Just how much does the service cost?
Nothing at all, until we collect.
Exactly how do you collect?
We use a proprietary combination of letters, telephone call, faxes, skip tracing, emails, lawyers and private investigators.
Exactly how lots of steps of collection do you have?
We utilized a 4 step process:
Step 1 Claim Submission
Step 2 Contact and Inform Debtor
Step 3 Secondary contact
Step 4 Filing lawsuit and submission to the credit bureau
Can I go for the stage I would like to begin in?
Definitely yet we suggest beginning in step 1.
We are experts in debt negotiating and advise you to let us do what we do best.
Just what states can easily you collect in?
We provide national and international collection for our clients. We are licensed in all states and legal systems that need licensing and/or use an attorney/agency neighborhood to your debtor who is.
What if I don’t know where the debtor is located?
We do what is called “Skiptracing” which allows us to track and find any debtor you may have. Contact us today as well as inquire about a “Deep-seated skip tracing.”
* Please note, consumer debtors in many states are managed by agency affiliates and lawyers.
It is a well known fact that consumers have the legal right to conduct a credit report dispute. If a credit report dispute is necessary, the first place to start is with the bureaus; since they are the ones who collect and maintain your information. Most of the time, the item in dispute is deleted from your credit report by the bureau without having to contact the furnisher of information (the original creditor or other entity who reported the information to the bureaus). However, if the bureau responds with “verified as accurate” or neglects to investigate your credit report dispute you may then need to turn your focus to the furnisher of information.
Furnishers of information are also regulated by the FCRA. The information they report must be current, fair, and accurate. The two major furnishers of information you will be dealing with are original creditors and collection agencies. Each one operates differently and will require different credit report dispute methods. What may be effective with a collection agency may not be with the original creditor and vice versa. It’s important to know their differences in order to get results, but more importantly to make sure your credit report dispute efforts stay within the legal realm.
Credit report dispute with original creditors. Look on your credit report and make sure that the debt listed by the original creditor has not been sold to a collection agency who is also listing the same debt. Once your debt has been sold to a collection agency, the original creditor can no longer list it. So make sure you dispute any duplicate items on your credit report. A credit report dispute with an original creditor looks the same as a credit report dispute with the bureaus. Follow the same steps and include all of the information in your letter as if you were contacting the bureaus; just make sure you address it to the original creditor.

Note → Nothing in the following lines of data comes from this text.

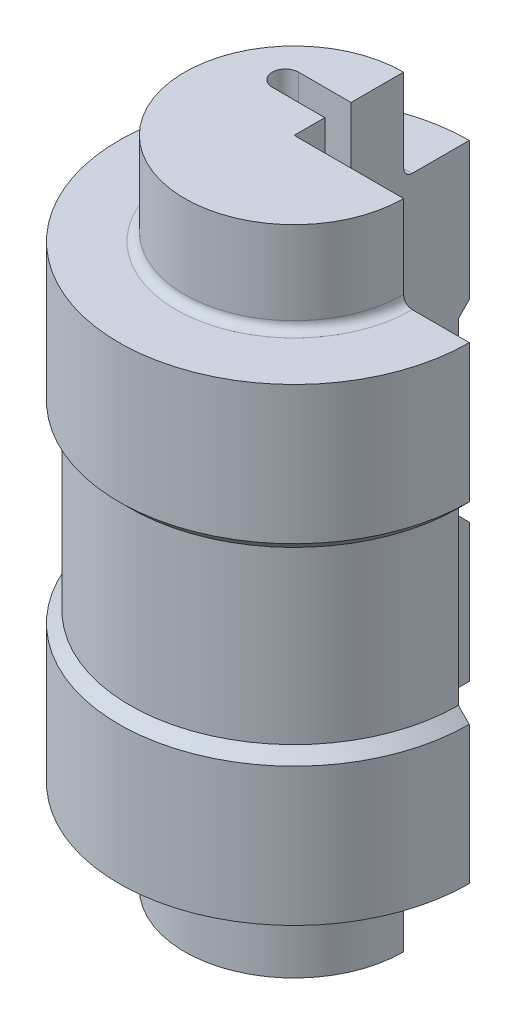
from build123d import *

# Parameters (mm, degrees)
SKETCH1_R               = 40
BOSS_EXTRUDE1_DEPTH     = 74.5
SKETCH3_R               = 40
SKETCH3_R_2             = 25
CUT_EXTRUDE1_DEPTH      = 21
CUT_EXTRUDE2_DEPTH      = 22
CUT_EXTRUDE2_DEPTH_BACK = 22
SKETCH2_R               = 40
SKETCH2_R_2             = 37.5
CUT_EXTRUDE4_DEPTH      = 160.376911753
FILLET1_R               = 2
CUT_EXTRUDE5_DEPTH      = 160.376911753


with BuildPart() as part:
    # Sketch1 → Boss-Extrude1 (new, symmetric)
    with BuildSketch(Plane(origin=(0, 0, 0), x_dir=(1, 0, 0), z_dir=(0, 1, 0))):
        with Locations(Location((0, 0, 0), (0, 0, 270))):
            Circle(SKETCH1_R)
    extrude(amount=BOSS_EXTRUDE1_DEPTH, both=True)

    # Sketch3 → Cut-Extrude1 (cut)
    with BuildSketch(Plane(origin=(0, 74.5, 0), x_dir=(1, 0, 0), z_dir=(0, 1, 0))):
        with Locations(Location((0, 0, 0), (0, 0, 270))):
            Circle(SKETCH3_R)
        with Locations(Location((0, 0, 0), (0, 0, 270))):
            Circle(SKETCH3_R_2, mode=Mode.SUBTRACT)
    cut_extrude1 = extrude(amount=-CUT_EXTRUDE1_DEPTH, mode=Mode.SUBTRACT)

    # Mirror1: Cut-Extrude1 across plane
    add(cut_extrude1.mirror(Plane.ZX), mode=Mode.SUBTRACT)

    # Sketch2 → Cut-Extrude2 (cut, two sides: drawn at the far end of the back side and taken through both)
    with BuildSketch(Plane(origin=(0, 0, 0), x_dir=(1, 0, 0), z_dir=(0, 1, 0)).offset(-CUT_EXTRUDE2_DEPTH_BACK)):
        with Locations(Location((0, 0, 0), (0, 0, 270))):
            Circle(SKETCH2_R)
        with Locations(Location((0, 0, 0), (0, 0, 90))):
            Circle(SKETCH2_R_2, mode=Mode.SUBTRACT)
    extrude(amount=CUT_EXTRUDE2_DEPTH + CUT_EXTRUDE2_DEPTH_BACK, mode=Mode.SUBTRACT)

    # Sketch5 → Cut-Extrude4 (cut, through all)
    with BuildSketch(Plane(origin=(0, 74.5, 0), x_dir=(1, 0, 0), z_dir=(0, 1, 0))):
        with BuildLine():
            Line((-12, 13), (12, 13))
            ThreePointArc((12, 13), (15, 10), (12, 7))
            Line((12, 7), (-12, 7))
            ThreePointArc((-12, 7), (-15, 10), (-12, 13))
        make_face()
    extrude(amount=-CUT_EXTRUDE4_DEPTH, mode=Mode.SUBTRACT)

    # Fillet1
    fillet1_edges = [part.edges().sort_by_distance(p)[0] for p in [
        (0, -53.5, -25),
        (0, 53.5, -25),
    ]]
    fillet(fillet1_edges, radius=FILLET1_R)

    # Sketch7 → Revolve2 (revolve)
    with BuildSketch(Plane(origin=(0, 0, 0), x_dir=(0, 0, -1), z_dir=(1, 0, 0))):
        Polygon((40, 22), (37.5, 19.5), (37.5, 22), align=None)
    revolve2 = revolve(axis=Axis((0, 103.881416882, 0), (0, -1, 0)))

    # Mirror2: Revolve2 across plane
    add(revolve2.mirror(Plane.ZX))

    # Sketch4 → Cut-Extrude5 (cut, through all)
    with BuildSketch(Plane(origin=(0, 74.5, 0), x_dir=(1, 0, 0), z_dir=(0, 1, 0))):
        with BuildLine():
            Line((0, 0), (0, 40))
            ThreePointArc((0, 40), (28.284271247, 28.284271247), (40, 0))
            Line((40, 0), (0, 0))
        make_face()
    extrude(amount=-CUT_EXTRUDE5_DEPTH, mode=Mode.SUBTRACT)


solid = part.part
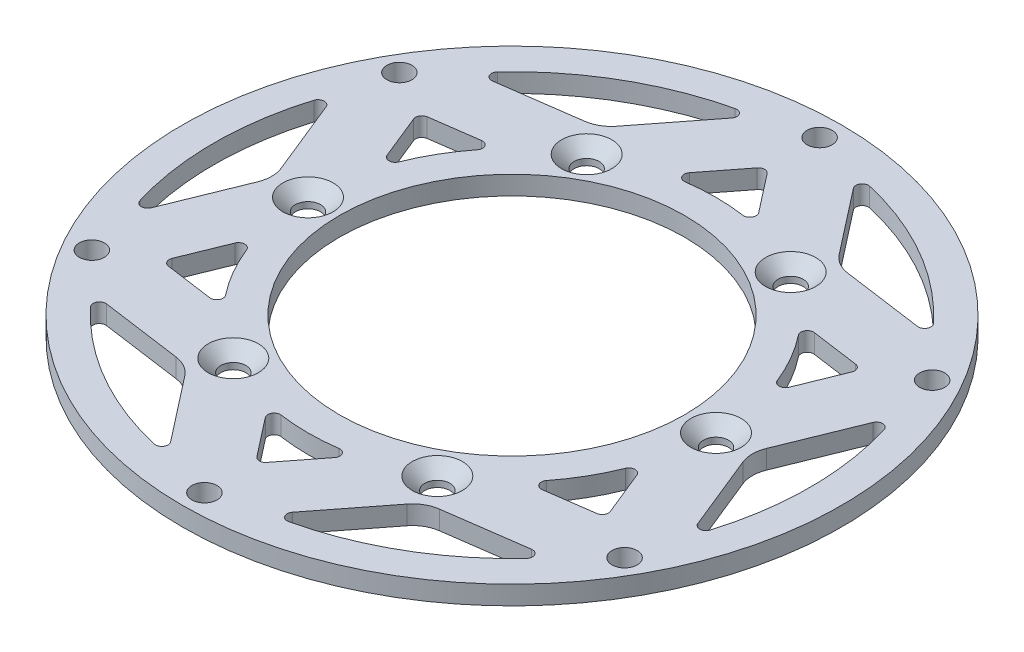
from build123d import *

# Parameters (mm, degrees)
SKETCH_1_R               = 52.5
SKETCH_1_R_2             = 2
SKETCH_1_R_3             = 27.5
EXTRUDE_1_DEPTH          = 3
HOLE_WIZARD_1_AT_2_COUNT = 2
HOLE_WIZARD_1_AT_2_PITCH = 32.5
HOLE_WIZARD_1_AT_3_COUNT = 2
HOLE_WIZARD_1_AT_3_PITCH = 56.291651246
HOLE_WIZARD_1_AT_4_COUNT = 2
HOLE_WIZARD_1_AT_4_PITCH = 65
HOLE_WIZARD_1_AT_5_COUNT = 2
HOLE_WIZARD_1_AT_5_PITCH = 56.291651246
HOLE_WIZARD_1_AT_6_COUNT = 2
HOLE_WIZARD_1_AT_6_PITCH = 32.5
CUT_EXTRUDE_1_DEPTH      = 10
FILLET_1_R               = 5
FILLET_2_R               = 1


with BuildPart() as part:
    # 草图1 → 凸台-拉伸1 (new body)
    with BuildSketch(Plane(origin=(0, 0, 0), x_dir=(1, 0, 0), z_dir=(0, 1, 0))):
        with Locations(Location((0, 0, 0), (0, 0, 270))):
            Circle(SKETCH_1_R)
        with Locations(Location((0, 49, 0), (0, 0, 270))):
            Circle(SKETCH_1_R_2, mode=Mode.SUBTRACT)
        with Locations(Location((-16.25, 28.145825623, 0), (0, 0, 270))):
            Circle(SKETCH_1_R_2, mode=Mode.SUBTRACT)
        with Locations(Location((42.435244785, 24.5, 0), (0, 0, 270))):
            Circle(SKETCH_1_R_2, mode=Mode.SUBTRACT)
        with Locations(Location((16.25, 28.145825623, 0), (0, 0, 270))):
            Circle(SKETCH_1_R_2, mode=Mode.SUBTRACT)
        with Locations(Location((42.435244785, -24.5, 0), (0, 0, 270))):
            Circle(SKETCH_1_R_2, mode=Mode.SUBTRACT)
        with Locations(Location((32.5, 0, 0), (0, 0, 270))):
            Circle(SKETCH_1_R_2, mode=Mode.SUBTRACT)
        with Locations(Location((0, -49, 0), (0, 0, 270))):
            Circle(SKETCH_1_R_2, mode=Mode.SUBTRACT)
        with Locations(Location((16.25, -28.145825623, 0), (0, 0, 270))):
            Circle(SKETCH_1_R_2, mode=Mode.SUBTRACT)
        with Locations(Location((-42.435244785, -24.5, 0), (0, 0, 270))):
            Circle(SKETCH_1_R_2, mode=Mode.SUBTRACT)
        with Locations(Location((-16.25, -28.145825623, 0), (0, 0, 270))):
            Circle(SKETCH_1_R_2, mode=Mode.SUBTRACT)
        with Locations(Location((-42.435244785, 24.5, 0), (0, 0, 270))):
            Circle(SKETCH_1_R_2, mode=Mode.SUBTRACT)
        with Locations(Location((-32.5, 0, 0), (0, 0, 270))):
            Circle(SKETCH_1_R_2, mode=Mode.SUBTRACT)
        with Locations(Location((0, 0, 0), (0, 0, 270))):
            Circle(SKETCH_1_R_3, mode=Mode.SUBTRACT)
    extrude(amount=EXTRUDE_1_DEPTH)

    # 草图3 → 孔1 (revolve, cut)
    with BuildSketch(Plane(origin=(-16.25, 3, -28.145825623), x_dir=(0, 0, 1), z_dir=(1, 0, 0))):
        Polygon((0, 0), (0, 3), (2, 3), (2, 2), (4, 0), align=None)
    hole_wizard_1 = revolve(axis=Axis((-16.25, 9.445314094, -28.145825623), (0, -1, 0)), mode=Mode.SUBTRACT)

    # 孔1 at 2: 孔1 ×2
    with Locations(*[(i * HOLE_WIZARD_1_AT_2_PITCH, 0, 0) for i in range(1, HOLE_WIZARD_1_AT_2_COUNT)]):
        add(hole_wizard_1, mode=Mode.SUBTRACT)

    # 孔1 at 3: 孔1 ×2
    with Locations(*[Vector(0.8660254037844387, 0, 0.5) * (i * HOLE_WIZARD_1_AT_3_PITCH) for i in range(1, HOLE_WIZARD_1_AT_3_COUNT)]):
        add(hole_wizard_1, mode=Mode.SUBTRACT)

    # 孔1 at 4: 孔1 ×2
    with Locations(*[Vector(0.5000000000000001, 0, 0.8660254037844386) * (i * HOLE_WIZARD_1_AT_4_PITCH) for i in range(1, HOLE_WIZARD_1_AT_4_COUNT)]):
        add(hole_wizard_1, mode=Mode.SUBTRACT)

    # 孔1 at 5: 孔1 ×2
    with Locations(*[(0, 0, i * HOLE_WIZARD_1_AT_5_PITCH) for i in range(1, HOLE_WIZARD_1_AT_5_COUNT)]):
        add(hole_wizard_1, mode=Mode.SUBTRACT)

    # 孔1 at 6: 孔1 ×2
    with Locations(*[Vector(-0.5000000000000003, 0, 0.8660254037844386) * (i * HOLE_WIZARD_1_AT_6_PITCH) for i in range(1, HOLE_WIZARD_1_AT_6_COUNT)]):
        add(hole_wizard_1, mode=Mode.SUBTRACT)

    # 草图5 → 切除-拉伸1 (cut)
    with BuildSketch(Plane(origin=(0, 3, 0), x_dir=(1, 0, 0), z_dir=(0, 1, 0))):
        with BuildLine():
            Line((-8.041886602, 46.814293329), (-18.947738206, 32.818445262))
            Line((-18.947738206, 32.818445262), (-36.521423982, 30.371624756))
            ThreePointArc((-36.521423982, 30.371624756), (-23.75, 41.13620668), (-8.041886602, 46.814293329))
        make_face()
        with BuildLine():
            Line((0, 40.865281716), (7.136483547, 31.706791111))
            ThreePointArc((7.136483547, 31.706791111), (0, 32.5), (-7.136483547, 31.706791111))
            Line((-7.136483547, 31.706791111), (0, 40.865281716))
        make_face()
        with BuildLine():
            Line((18.947738206, 32.818445262), (8.041886602, 46.814293329))
            ThreePointArc((8.041886602, 46.814293329), (23.75, 41.13620668), (36.521423982, 30.371624756))
            Line((36.521423982, 30.371624756), (18.947738206, 32.818445262))
        make_face()
        with BuildLine():
            Line((35.390372099, 20.432640858), (23.890644801, 22.033771601))
            ThreePointArc((23.890644801, 22.033771601), (28.145825623, 16.25), (31.027128348, 9.67301951))
            Line((31.027128348, 9.67301951), (35.390372099, 20.432640858))
        make_face()
        with BuildLine():
            Line((37.895476413, 0), (44.563310584, 16.442668573))
            ThreePointArc((44.563310584, 16.442668573), (47.5, 0), (44.563310584, -16.442668573))
            Line((44.563310584, -16.442668573), (37.895476413, 0))
        make_face()
        with BuildLine():
            Line((35.390372099, -20.432640858), (31.027128348, -9.67301951))
            ThreePointArc((31.027128348, -9.67301951), (28.145825623, -16.25), (23.890644801, -22.033771601))
            Line((23.890644801, -22.033771601), (35.390372099, -20.432640858))
        make_face()
        with BuildLine():
            Line((18.947738206, -32.818445262), (36.521423982, -30.371624756))
            ThreePointArc((36.521423982, -30.371624756), (23.75, -41.13620668), (8.041886602, -46.814293329))
            Line((8.041886602, -46.814293329), (18.947738206, -32.818445262))
        make_face()
        with BuildLine():
            Line((0, -40.865281716), (7.136483547, -31.706791111))
            ThreePointArc((7.136483547, -31.706791111), (0, -32.5), (-7.136483547, -31.706791111))
            Line((-7.136483547, -31.706791111), (0, -40.865281716))
        make_face()
        with BuildLine():
            Line((-18.947738206, -32.818445262), (-8.041886602, -46.814293329))
            ThreePointArc((-8.041886602, -46.814293329), (-23.75, -41.13620668), (-36.521423982, -30.371624756))
            Line((-36.521423982, -30.371624756), (-18.947738206, -32.818445262))
        make_face()
        with BuildLine():
            Line((-35.390372099, -20.432640858), (-23.890644801, -22.033771601))
            ThreePointArc((-23.890644801, -22.033771601), (-28.145825623, -16.25), (-31.027128348, -9.67301951))
            Line((-31.027128348, -9.67301951), (-35.390372099, -20.432640858))
        make_face()
        with BuildLine():
            Line((-37.895476413, 0), (-44.563310584, -16.442668573))
            ThreePointArc((-44.563310584, -16.442668573), (-47.5, 0), (-44.563310584, 16.442668573))
            Line((-44.563310584, 16.442668573), (-37.895476413, 0))
        make_face()
        with BuildLine():
            Line((-35.390372099, 20.432640858), (-31.027128348, 9.67301951))
            ThreePointArc((-31.027128348, 9.67301951), (-28.145825623, 16.25), (-23.890644801, 22.033771601))
            Line((-23.890644801, 22.033771601), (-35.390372099, 20.432640858))
        make_face()
    extrude(amount=-CUT_EXTRUDE_1_DEPTH, mode=Mode.SUBTRACT)

    # 圆角1
    fillet_1_edges = [part.edges().sort_by_distance(p)[0] for p in [
        (-18.947738206, 1.5, 32.818445262),
        (18.947738206, 1.5, 32.818445262),
        (37.895476413, 1.5, 0),
        (18.947738206, 1.5, -32.818445262),
        (-37.895476413, 1.5, 0),
        (-18.947738206, 1.5, -32.818445262),
    ]]
    fillet(fillet_1_edges, radius=FILLET_1_R)

    # 圆角2
    fillet_2_edges = [part.edges().sort_by_distance(p)[0] for p in [
        (-8.041886602, 1.5, 46.814293329),
        (-36.521423982, 1.5, 30.371624756),
        (0, 1.5, 40.865281716),
        (-7.136483547, 1.5, 31.706791111),
        (7.136483547, 1.5, 31.706791111),
        (36.521423982, 1.5, 30.371624756),
        (8.041886602, 1.5, 46.814293329),
        (35.390372099, 1.5, 20.432640858),
        (23.890644801, 1.5, 22.033771601),
        (31.027128348, 1.5, 9.67301951),
        (44.563310584, 1.5, -16.442668573),
        (44.563310584, 1.5, 16.442668573),
        (35.390372099, 1.5, -20.432640858),
        (31.027128348, 1.5, -9.67301951),
        (23.890644801, 1.5, -22.033771601),
        (8.041886602, 1.5, -46.814293329),
        (36.521423982, 1.5, -30.371624756),
        (-7.136483547, 1.5, -31.706791111),
        (0, 1.5, -40.865281716),
        (7.136483547, 1.5, -31.706791111),
        (-35.390372099, 1.5, -20.432640858),
        (-23.890644801, 1.5, -22.033771601),
        (-31.027128348, 1.5, -9.67301951),
        (-44.563310584, 1.5, 16.442668573),
        (-44.563310584, 1.5, -16.442668573),
        (-35.390372099, 1.5, 20.432640858),
        (-31.027128348, 1.5, 9.67301951),
        (-23.890644801, 1.5, 22.033771601),
        (-36.521423982, 1.5, -30.371624756),
        (-8.041886602, 1.5, -46.814293329),
    ]]
    fillet(fillet_2_edges, radius=FILLET_2_R)


solid = part.part
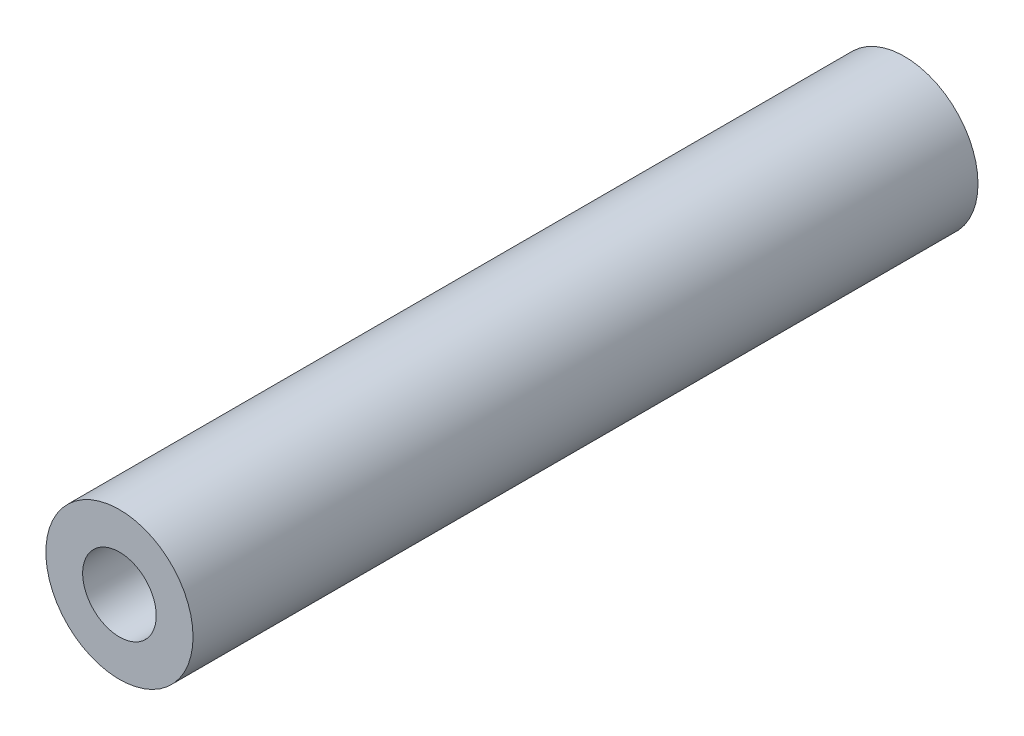
from build123d import *

# Parameters (mm, degrees)
SKETCH_1_R      = 3
SKETCH_1_R_2    = 1.5
EXTRUDE_1_DEPTH = 32


with BuildPart() as part:
    # ｽｹｯﾁ1 → ﾎﾞｽ - 押し出し1 (new body)
    with BuildSketch(Plane.XY):
        Circle(SKETCH_1_R)
        Circle(SKETCH_1_R_2, mode=Mode.SUBTRACT)
    extrude(amount=EXTRUDE_1_DEPTH)


solid = part.part
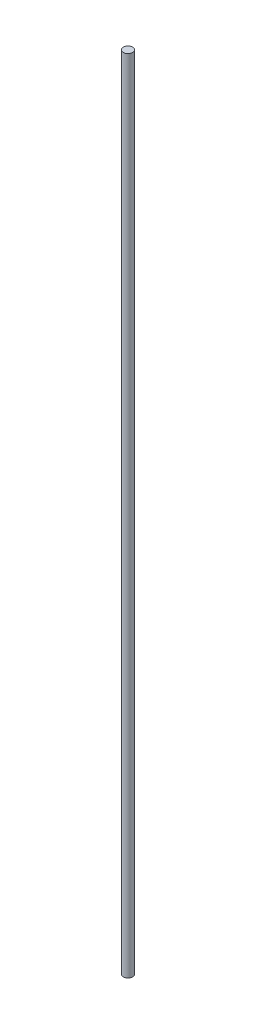
from build123d import *

# Parameters (mm, degrees)
SKETCH1_R           = 2.5
BOSS_EXTRUDE1_DEPTH = 215


with BuildPart() as part:
    # Sketch1 → Boss-Extrude1 (new, symmetric)
    with BuildSketch(Plane(origin=(0, 0, 0), x_dir=(1, 0, 0), z_dir=(0, 1, 0))):
        with Locations(Location((0, 0, 0), (0, 0, 270))):
            Circle(SKETCH1_R)
    extrude(amount=BOSS_EXTRUDE1_DEPTH, both=True)


solid = part.part

Credit report dispute with collection agencies. Validation of Debt (VOD) is a process that can be very effective in the credit report dispute process when dealing with collection agencies. A provision of the Fair Debt Collections Practices Act (FDCPA) allows debtors (or alleged debtors) to receive proof that the “alleged” debt is valid. This means that, upon your request, the collector must provide absolute proof that the debt is yours. Often, they will have difficulty gathering necessary information, particularly if your debt has passed through many hands (which also leaves more room for error). Demand they produce a contract with your signature and a complete payment history or receipts. Give the collector about 30 days to respond.
Again, in most credit report dispute cases, it’s best to dispute to the bureaus first, but with collection accounts you could consider sending a VOD letter to the collection agency at the same time you send a dispute letter to the bureau. This way, the collection agency is getting pressure from both you and the bureau to present adequate proof of debt.